Raw data =>

------------------------------------------------

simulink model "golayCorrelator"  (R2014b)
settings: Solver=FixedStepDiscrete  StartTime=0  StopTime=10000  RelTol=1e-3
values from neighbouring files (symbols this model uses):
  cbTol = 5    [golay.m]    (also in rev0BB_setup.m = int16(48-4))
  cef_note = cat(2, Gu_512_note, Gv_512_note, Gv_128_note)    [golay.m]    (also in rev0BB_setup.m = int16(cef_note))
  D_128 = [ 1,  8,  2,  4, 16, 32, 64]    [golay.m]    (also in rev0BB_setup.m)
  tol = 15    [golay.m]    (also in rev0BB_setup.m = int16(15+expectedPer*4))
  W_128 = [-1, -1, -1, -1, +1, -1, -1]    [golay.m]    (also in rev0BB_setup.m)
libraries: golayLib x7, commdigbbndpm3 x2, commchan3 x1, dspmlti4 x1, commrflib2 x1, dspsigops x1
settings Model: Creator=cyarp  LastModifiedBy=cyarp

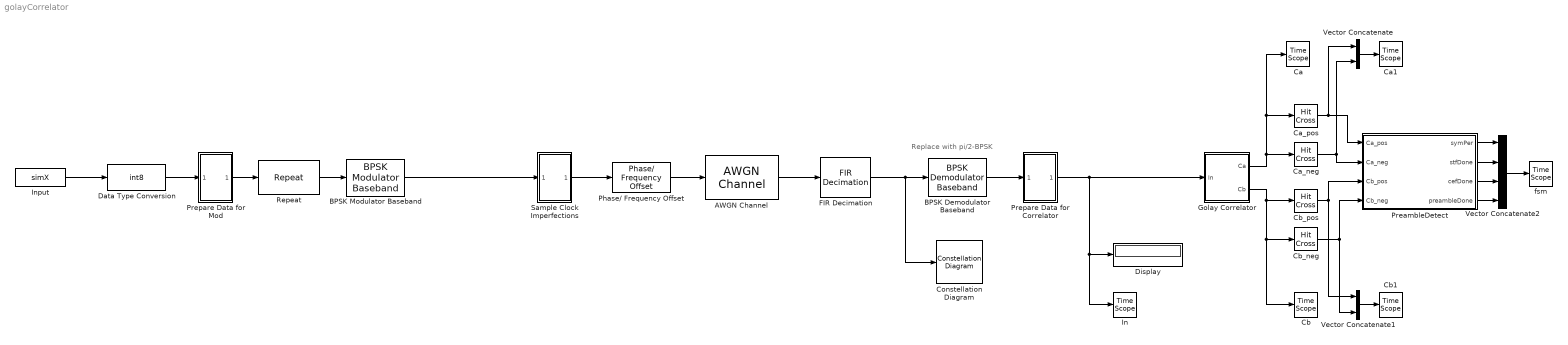
== system golayCorrelator ==
  note: Replace with pi/2-BPSK
  AWGN Channel : commchan3/AWGN Channel  InputProcessing=Columns as channels (frame based)  seed=67  noiseMode="Signal to noise ratio  (Eb/No)"  EbNodB=0  EsNodB=10  SNRdB=10  bitsPerSym=1  Ps=1  Tsym=1  variance=1
  BPSK Demodulator Baseband : commdigbbndpm3/BPSK Demodulator Baseband  Ph=0  DecType=Hard decision  VarSource=Dialog  Variance=1  outDtype=Inherit via internal rule  derotateFactorWordLen=16
  BPSK Modulator Baseband : commdigbbndpm3/BPSK Modulator Baseband  Ph=0  outDtype=double  outWordLen=16  outUDDataType=sfix(16)  outFracLenMode=Best precision  outFracLen=15
  Ca : TimeScope  DefaultConfigurationName=spbscopes.TimeScopeBlockCfg
  Ca1 : TimeScope  DefaultConfigurationName=spbscopes.TimeScopeBlockCfg
  Ca_neg : HitCross  HitCrossingOffset=-50  HitCrossingDirection=falling
  Ca_pos : HitCross  HitCrossingOffset=50  HitCrossingDirection=rising
  Cb : TimeScope  DefaultConfigurationName=spbscopes.TimeScopeBlockCfg
  Cb1 : TimeScope  DefaultConfigurationName=spbscopes.TimeScopeBlockCfg
  Cb_neg : HitCross  HitCrossingOffset=-50  HitCrossingDirection=falling
  Cb_pos : HitCross  HitCrossingOffset=50  HitCrossingDirection=rising
  Constellation Diagram : ConstellationDiagram
  Data Type Conversion : DataTypeConversion  OutDataTypeStr=int8  RndMeth=Nearest
  Display : Display
  FIR Decimation : dspmlti4/FIR Decimation  h=fir1(45, 0.18)  D=4  filtStruct=Direct form  framing=Allow multirate processing  inputOffset=0  outputBufInitCond=0  InputProcessing=Columns as channels (frame based)  firstCoeffDataTypeStr=Inherit: Same word length as input  firstCoeffLastDataTypeStr=Inherit: Same word length as input  firstCoeffMin=[]  firstCoeffMax=[]  outputDataTypeStr=Inherit: Same as accumulator  outputLastDataTypeStr=Inherit: Same as accumulator  outputMin=[]  outputMax=[]  roundingMode=Floor  overflowMode=off  FilterSource=Specify via dialog  FilterObject=Hm_firdecim
      settings: allowOverrides=off
  Golay Correlator : Subsystem
  In : TimeScope  DefaultConfigurationName=spbscopes.TimeScopeBlockCfg
  Input : FromWorkspace  VariableName=simX  SampleTime=1  Interpolate=off  OutputAfterFinalValue=Holding final value
  Phase/ Frequency Offset : commrflib2/Phase// Frequency Offset  phaseOffset=0  freqPort=off  freqOffset=0
  PreambleDetect : Stateflow chart  TreatAsAtomicUnit=on
  Prepare Data for Correlator : Subsystem
  Prepare Data for Mod : Subsystem
  Repeat : dspsigops/Repeat  N=4  InputProcessing=Columns as channels (frame based)  RateOptions=Allow multirate processing  ic=0  mode=Unused parameter value
  Sample Clock Imperfections : Subsystem
  Vector Concatenate : Concatenate  Mode=Multidimensional array  ConcatenateDimension=2
  Vector Concatenate1 : Concatenate  Mode=Multidimensional array  ConcatenateDimension=2
  Vector Concatenate2 : Concatenate  NumInputs=4  Mode=Multidimensional array  ConcatenateDimension=2
  fsm : TimeScope  DefaultConfigurationName=spbscopes.TimeScopeBlockCfg
  wires:
  Phase/ Frequency Offset/1 -> AWGN Channel/1
  Golay Correlator/1(Ca) -> Ca_neg/1, Ca_pos/1, Ca/1
  Golay Correlator/2(Cb) -> Cb_pos/1, Cb_neg/1, Cb/1
  Input/1 -> Data Type Conversion/1
  AWGN Channel/1 -> FIR Decimation/1
  Data Type Conversion/1 -> Prepare Data for Mod/1(In1)
  Prepare Data for Mod/1(Out1) -> Repeat/1
  BPSK Demodulator Baseband/1 -> Prepare Data for Correlator/1(In1)
  Repeat/1 -> BPSK Modulator Baseband/1
  Sample Clock Imperfections/1(Out1) -> Phase/ Frequency Offset/1
  Prepare Data for Correlator/1(Out1) -> In/1, Display/1, Golay Correlator/1(In)
  FIR Decimation/1 -> Constellation Diagram/1, BPSK Demodulator Baseband/1
  Ca_neg/1 -> PreambleDetect/2(Ca_neg), Vector Concatenate/2
  Ca_pos/1 -> PreambleDetect/1(Ca_pos), Vector Concatenate/1
  Vector Concatenate/1 -> Ca1/1
  Cb_pos/1 -> PreambleDetect/3(Cb_pos), Vector Concatenate1/1
  Cb_neg/1 -> Vector Concatenate1/2, PreambleDetect/4(Cb_neg)
  Vector Concatenate1/1 -> Cb1/1
  PreambleDetect/2(stfDone) -> Vector Concatenate2/2
  PreambleDetect/1(symPer) -> Vector Concatenate2/1
  Vector Concatenate2/1 -> fsm/1
  BPSK Modulator Baseband/1 -> Sample Clock Imperfections/1(In1)
  PreambleDetect/3(cefDone) -> Vector Concatenate2/3
  PreambleDetect/4(preambleDone) -> Vector Concatenate2/4

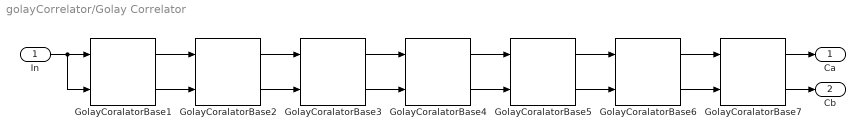
== system golayCorrelator/Golay Correlator ==
  In : Inport
  GolayCoralatorBase1 : golayLib/GolayCoralatorBase  dSub=D_128(1)  wSub=W_128(1)
  GolayCoralatorBase2 : golayLib/GolayCoralatorBase  dSub=D_128(2)  wSub=W_128(2)
  GolayCoralatorBase3 : golayLib/GolayCoralatorBase  dSub=D_128(3)  wSub=W_128(3)
  GolayCoralatorBase4 : golayLib/GolayCoralatorBase  dSub=D_128(4)  wSub=W_128(4)
  GolayCoralatorBase5 : golayLib/GolayCoralatorBase  dSub=D_128(5)  wSub=W_128(5)
  GolayCoralatorBase6 : golayLib/GolayCoralatorBase  dSub=D_128(6)  wSub=W_128(6)
  GolayCoralatorBase7 : golayLib/GolayCoralatorBase  dSub=D_128(7)  wSub=W_128(7)
  Ca : Outport
  Cb : Outport  Port=2
  wires:
  GolayCoralatorBase1/1 -> GolayCoralatorBase2/1
  GolayCoralatorBase1/2 -> GolayCoralatorBase2/2
  GolayCoralatorBase2/1 -> GolayCoralatorBase3/1
  GolayCoralatorBase2/2 -> GolayCoralatorBase3/2
  GolayCoralatorBase5/1 -> GolayCoralatorBase6/1
  GolayCoralatorBase3/1 -> GolayCoralatorBase4/1
  GolayCoralatorBase3/2 -> GolayCoralatorBase4/2
  GolayCoralatorBase4/1 -> GolayCoralatorBase5/1
  GolayCoralatorBase4/2 -> GolayCoralatorBase5/2
  GolayCoralatorBase5/2 -> GolayCoralatorBase6/2
  GolayCoralatorBase6/2 -> GolayCoralatorBase7/2
  GolayCoralatorBase6/1 -> GolayCoralatorBase7/1
  GolayCoralatorBase7/2 -> Cb/1
  GolayCoralatorBase7/1 -> Ca/1
  In/1 -> GolayCoralatorBase1/2, GolayCoralatorBase1/1

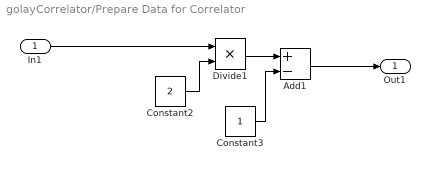
== system golayCorrelator/Prepare Data for Correlator ==
  In1 : Inport
  Add1 : Sum  Inputs=+-
  Constant2 : Constant  Value=2
  Constant3 : Constant
  Divide1 : Product  Inputs=**
  Out1 : Outport
  wires:
  Constant2/1 -> Divide1/2
  Constant3/1 -> Add1/2
  In1/1 -> Divide1/1
  Divide1/1 -> Add1/1
  Add1/1 -> Out1/1

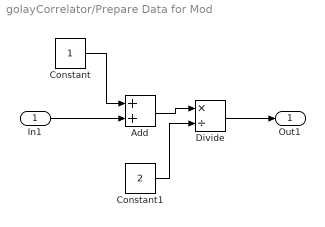
== system golayCorrelator/Prepare Data for Mod ==
  In1 : Inport
  Add : Sum
  Constant : Constant
  Constant1 : Constant  Value=2
  Divide : Product  Inputs=*/
  Out1 : Outport
  wires:
  In1/1 -> Add/2
  Constant/1 -> Add/1
  Add/1 -> Divide/1
  Constant1/1 -> Divide/2
  Divide/1 -> Out1/1

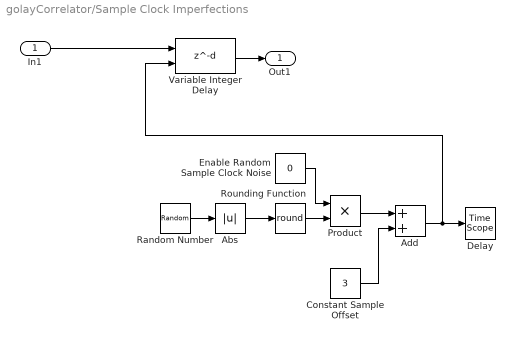
== system golayCorrelator/Sample Clock Imperfections ==
  In1 : Inport
  Abs : Abs
  Add : Sum
  Constant Sample Offset : Constant  Value=3
  Delay : TimeScope  DefaultConfigurationName=spbscopes.TimeScopeBlockCfg
  Enable Random Sample Clock Noise : Constant  Value=0
  Product : Product
  Random Number : RandomNumber  Mean=1  SampleTime=0.25
  Rounding Function : Rounding  Operator=round
  Variable Integer Delay : Delay  DelayLengthSource=Input port
      settings: InputPortMap=u0,p1
  Out1 : Outport
  wires:
  Abs/1 -> Rounding Function/1
  Random Number/1 -> Abs/1
  Add/1 -> Delay/1, Variable Integer Delay/2
  Enable Random Sample Clock Noise/1 -> Product/1
  Constant Sample Offset/1 -> Add/2
  Rounding Function/1 -> Product/2
  Product/1 -> Add/1
  In1/1 -> Variable Integer Delay/1
  Variable Integer Delay/1 -> Out1/1

== stateflow chart golayCorrelator/PreambleDetect ==
  state Preamble
    state STF
      state STF_Neg
        entry:
        symPer = (symPer + counter)/2;
        cbCount = cbCount + 1;
        counter = 1;
        during:
        counter = counter +1;
      state STF_Initial
        entry:
        symPer = (symPer + counter)/2;
        cbCount = cbCount + 1;
        counter = 1;
        during:
        counter = counter +1;
      STF_Initial -> STF_Initial [order 3] : [Cb_pos == 1]
      STF_Initial -> STF_Neg [order 5] : [Cb_neg == 1]
    state CEF
      note: Need actual logic for CEF, right now only checks for correct sequence
      state STF_Done
        entry:
        stfDone = 1;
        symPer = (symPer + counter)/2;
        cbCount = cbCount + 1;
        counter = 1;
        during:
        counter = counter +1;
      state CEF_Checking
        entry:
        symPer = (symPer + counter)/2;
        cefCount = cefCount + 1;
        counter = 1;
        during:
        counter = counter +1;
      STF_Done -> CEF_Checking [order 3] : [Cb_neg == 1]/{
          | cefCount = 1;
          | }
    CEF_Checking -> CEF_Checking [order 2] : [cefSeqCheck(Ca_pos,Ca_neg,Cb_pos, Cb_neg, cefCount) == 1 && cefCount < length(cef_note)]
    STF_Neg -> STF_Done [order 3] : [Ca_neg == 1]
  state Waiting
    entry:
    stfDone = 0;
    cefDone = 0;
    preambleDone = 0;
  state Done
    entry:
    cefDone = 1;
    preambleDone = 1;
  Done -> Waiting
  CEF_Checking -> Waiting [order 4] : [cefSeqCheck(Ca_pos,Ca_neg,Cb_pos, Cb_neg, cefCount) == 1 && counter <(128-tol)]
  STF_Done -> Waiting [order 2] : [Cb_neg == 1 && counter <(128-tol)]
  STF_Neg -> Waiting [order 2] : [Ca_neg == 1 && counter <(128-tol)]
  STF_Initial -> Waiting [order 1] : [Cb_pos == 1 && counter <(128-tol)]
  STF_Neg -> Waiting [order 1] : [Cb_neg == 1 || Ca_pos == 1 || Cb_pos == 1  || counter >(128+tol)]
  (default) -> Waiting
  Waiting -> STF_Initial : [Cb_pos == 1]/
      | {
      | cbCount = 0;
      | counter = 128;
      | symPer = 128;
      | }
  CEF_Checking -> Waiting [order 1] : [cefSeqCheck(Ca_pos,Ca_neg,Cb_pos, Cb_neg, cefCount) == 0 || counter >(128+tol) || cefCount > length(cef_note)]
  STF_Done -> Waiting [order 1] : [Ca_pos == 1 || Ca_neg == 1 || Cb_pos == 1 || counter >(128+tol)]
  STF_Initial -> Waiting [order 4] : [Ca_pos ==  1 || Ca_neg == 1 || counter >(128+tol) || cbCount > 48 + cbTol]
  STF_Initial -> Waiting [order 2] : [Cb_neg && (cbCount < 48 - cbTol)]
  CEF_Checking -> Done [order 3] : [cefSeqCheck(Ca_pos,Ca_neg,Cb_pos, Cb_neg, cefCount) == 1 && cefCount == length(cef_note)]
  data: Ca_p function_input; Ca_n function_input; Cb_p function_input; Cb_n function_input; cnt function_input; ok function_output; Ca_pos input; Ca_neg input; tol parameter double; Cb_pos input; Cb_neg input; cbTol parameter; symPer output; counter local; cbCount local; stfDone output; cef_note parameter; cefDone output; preambleDone output; cefCount local
  function ok = cefSeqCheck(Ca_p, Ca_n, Cb_p, Cb_n, cnt):
    | function ok = cefSeqCheck(Ca_p, Ca_n, Cb_p, Cb_n, cnt)
    | if(Ca_p == 0 && Ca_n == 0 && Cb_p == 0 && Cb_n == 0)
    |     ok = 2; %% not triggered
    | else
    |     switch(cef_note(cnt))
    |         case 1
    |             if(Ca_p == 1)
    |                 ok = 1;
    |             else
    |                 ok = 0;
    |             end
    |         case 2
    |             if(Cb_p == 1)
    |                 ok = 1;
    |             else
    |                 ok = 0;
    |             end
    |         case -1
    |             if(Ca_n == 1)
    |                 ok = 1;
    |             else
    |                 ok = 0;
    |             end
    |         case -2
    |             if(Cb_n == 1)
    |                 ok = 1;
    |             else
    |                 ok = 0;
    |             end
    |         otherwise
    |             ok = 0;
    |     end
    | end
    | end

------------------------------------------------

How to complete this task => Filter the material for the word "Phase" and copy each matching line.

Your solution =>
  Phase/ Frequency Offset : commrflib2/Phase// Frequency Offset  phaseOffset=0  freqPort=off  freqOffset=0
  Phase/ Frequency Offset/1 -> AWGN Channel/1
  Sample Clock Imperfections/1(Out1) -> Phase/ Frequency Offset/1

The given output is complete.